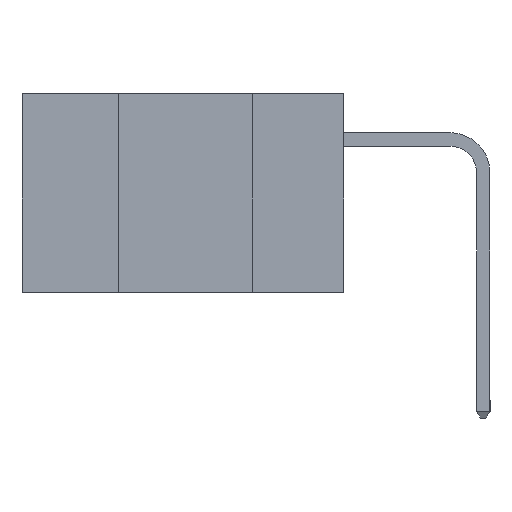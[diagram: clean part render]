
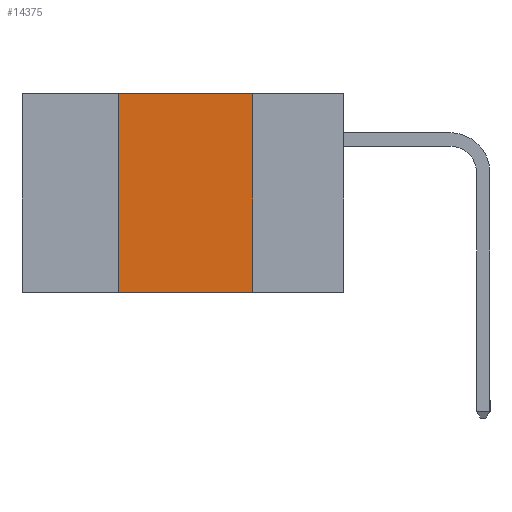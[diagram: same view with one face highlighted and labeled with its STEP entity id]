
A CAD part, left-side view. The second image highlights one B-rep face of the part: STEP entity #14375.
In plain terms, the highlighted planar face has unit normal (-1, 0, 0).
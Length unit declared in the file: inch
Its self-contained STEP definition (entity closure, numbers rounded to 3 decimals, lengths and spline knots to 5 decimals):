
#238 = DIRECTION ( 'NONE',  ( 0., -1., 0. ) ) ;
#574 = EDGE_CURVE ( 'NONE', #13334, #14148, #1623, .T. ) ;
#776 = CARTESIAN_POINT ( 'NONE',  ( 0., 0.17, 0. ) ) ;
#1453 = VERTEX_POINT ( 'NONE', #776 ) ;
#1537 = EDGE_CURVE ( 'NONE', #13334, #10118, #7819, .T. ) ;
#1623 = LINE ( 'NONE', #11778, #5155 ) ;
#3154 = DIRECTION ( 'NONE',  ( 0., 0., 1. ) ) ;
#3496 = FACE_OUTER_BOUND ( 'NONE', #13919, .T. ) ;
#3591 = PLANE ( 'NONE',  #5583 ) ;
#3849 = EDGE_CURVE ( 'NONE', #14148, #1453, #10668, .T. ) ;
#5075 = CARTESIAN_POINT ( 'NONE',  ( 0., 0.17, -0.37 ) ) ;
#5155 = VECTOR ( 'NONE', #3154, 39.37008 ) ;
#5583 = AXIS2_PLACEMENT_3D ( 'NONE', #9299, #5966, #13683 ) ;
#5910 = ORIENTED_EDGE ( 'NONE', *, *, #1537, .T. ) ;
#5966 = DIRECTION ( 'NONE',  ( 1., 0., 0. ) ) ;
#6641 = ORIENTED_EDGE ( 'NONE', *, *, #3849, .F. ) ;
#7138 = VECTOR ( 'NONE', #12893, 39.37008 ) ;
#7819 = LINE ( 'NONE', #14552, #10438 ) ;
#8930 = CARTESIAN_POINT ( 'NONE',  ( 0., 0.42, 0. ) ) ;
#9247 = ORIENTED_EDGE ( 'NONE', *, *, #574, .F. ) ;
#9299 = CARTESIAN_POINT ( 'NONE',  ( 0., 0.6, 0. ) ) ;
#10028 = CARTESIAN_POINT ( 'NONE',  ( 0., 0.6, 0. ) ) ;
#10104 = DIRECTION ( 'NONE',  ( 0., -1., 0. ) ) ;
#10116 = LINE ( 'NONE', #5075, #7138 ) ;
#10118 = VERTEX_POINT ( 'NONE', #11139 ) ;
#10438 = VECTOR ( 'NONE', #238, 39.37008 ) ;
#10668 = LINE ( 'NONE', #10028, #13215 ) ;
#11139 = CARTESIAN_POINT ( 'NONE',  ( 0., 0.17, -0.37 ) ) ;
#11778 = CARTESIAN_POINT ( 'NONE',  ( 0., 0.42, -0.37 ) ) ;
#12497 = ORIENTED_EDGE ( 'NONE', *, *, #14521, .F. ) ;
#12513 = CARTESIAN_POINT ( 'NONE',  ( 0., 0.42, -0.37 ) ) ;
#12893 = DIRECTION ( 'NONE',  ( 0., 0., -1. ) ) ;
#13215 = VECTOR ( 'NONE', #10104, 39.37008 ) ;
#13334 = VERTEX_POINT ( 'NONE', #12513 ) ;
#13683 = DIRECTION ( 'NONE',  ( 0., 0., -1. ) ) ;
#13919 = EDGE_LOOP ( 'NONE', ( #12497, #6641, #9247, #5910 ) ) ;
#14148 = VERTEX_POINT ( 'NONE', #8930 ) ;
#14375 = ADVANCED_FACE ( 'NONE', ( #3496 ), #3591, .F. ) ;
#14521 = EDGE_CURVE ( 'NONE', #1453, #10118, #10116, .T. ) ;
#14552 = CARTESIAN_POINT ( 'NONE',  ( 0., 0.6, -0.37 ) ) ;
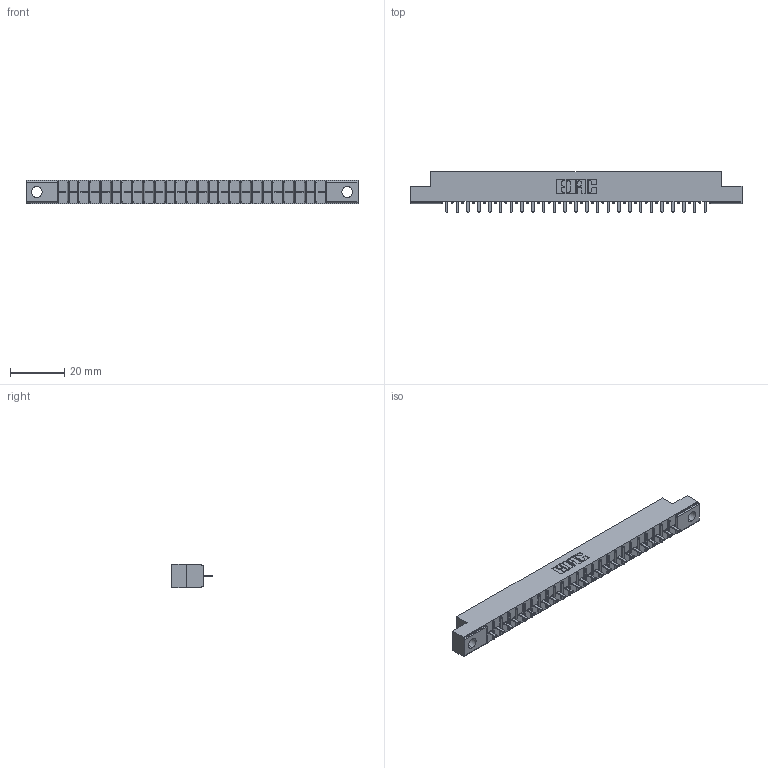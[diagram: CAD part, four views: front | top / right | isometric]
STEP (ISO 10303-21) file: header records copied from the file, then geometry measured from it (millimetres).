
FILE_DESCRIPTION (( 'STEP AP203' ), '1' );
FILE_NAME ('316-025-421-104.STEP', '2020-09-22T22:06:51', ( '' ), ( '' ), 'SwSTEP 2.0', 'SolidWorks 2020', '' );
FILE_SCHEMA (( 'CONFIG_CONTROL_DESIGN' ));
Length unit declared in the file: inch
Products named in the file (3): 306 Part_.156 Dia; 306-290-001_121; 316-025-421-104
Assembly tree (26 placements, depth 2):
  316-025-421-104
    306 Part_.156 Dia
    306-290-001_121  x25
Bounding box: 122.07 x 14.88 x 8.71 mm (x, y, z)
Volume: 8227.9 mm3; surface area: 11939.4 mm2
Topology: 26 solids, 26 shells, 1880 faces, 5277 edges, 3382 vertices
Faces by surface type: plane 1257, cylinder 523, sphere 100
Entity records: 25890 total; most frequent: CARTESIAN_POINT 4348, ORIENTED_EDGE 4306, DIRECTION 4281, EDGE_CURVE 2153, VECTOR 1683, LINE 1683, VERTEX_POINT 1366, AXIS2_PLACEMENT_3D 1299
-------------------------
== WHAT IS EXPECTED ==
Go back to the listing above. Copy word for word the lines from the one with "#1537 = EDGE_CURVE" through the one with "#7819 = LINE ( 'NONE', #14552, #10438 ) ;", and nothing more.

== ANSWER BOX ==
#1537 = EDGE_CURVE ( 'NONE', #13334, #10118, #7819, .T. ) ;
#1623 = LINE ( 'NONE', #11778, #5155 ) ;
#3154 = DIRECTION ( 'NONE',  ( 0., 0., 1. ) ) ;
#3496 = FACE_OUTER_BOUND ( 'NONE', #13919, .T. ) ;
#3591 = PLANE ( 'NONE',  #5583 ) ;
#3849 = EDGE_CURVE ( 'NONE', #14148, #1453, #10668, .T. ) ;
#5075 = CARTESIAN_POINT ( 'NONE',  ( 0., 0.17, -0.37 ) ) ;
#5155 = VECTOR ( 'NONE', #3154, 39.37008 ) ;
#5583 = AXIS2_PLACEMENT_3D ( 'NONE', #9299, #5966, #13683 ) ;
#5910 = ORIENTED_EDGE ( 'NONE', *, *, #1537, .T. ) ;
#5966 = DIRECTION ( 'NONE',  ( 1., 0., 0. ) ) ;
#6641 = ORIENTED_EDGE ( 'NONE', *, *, #3849, .F. ) ;
#7138 = VECTOR ( 'NONE', #12893, 39.37008 ) ;
#7819 = LINE ( 'NONE', #14552, #10438 ) ;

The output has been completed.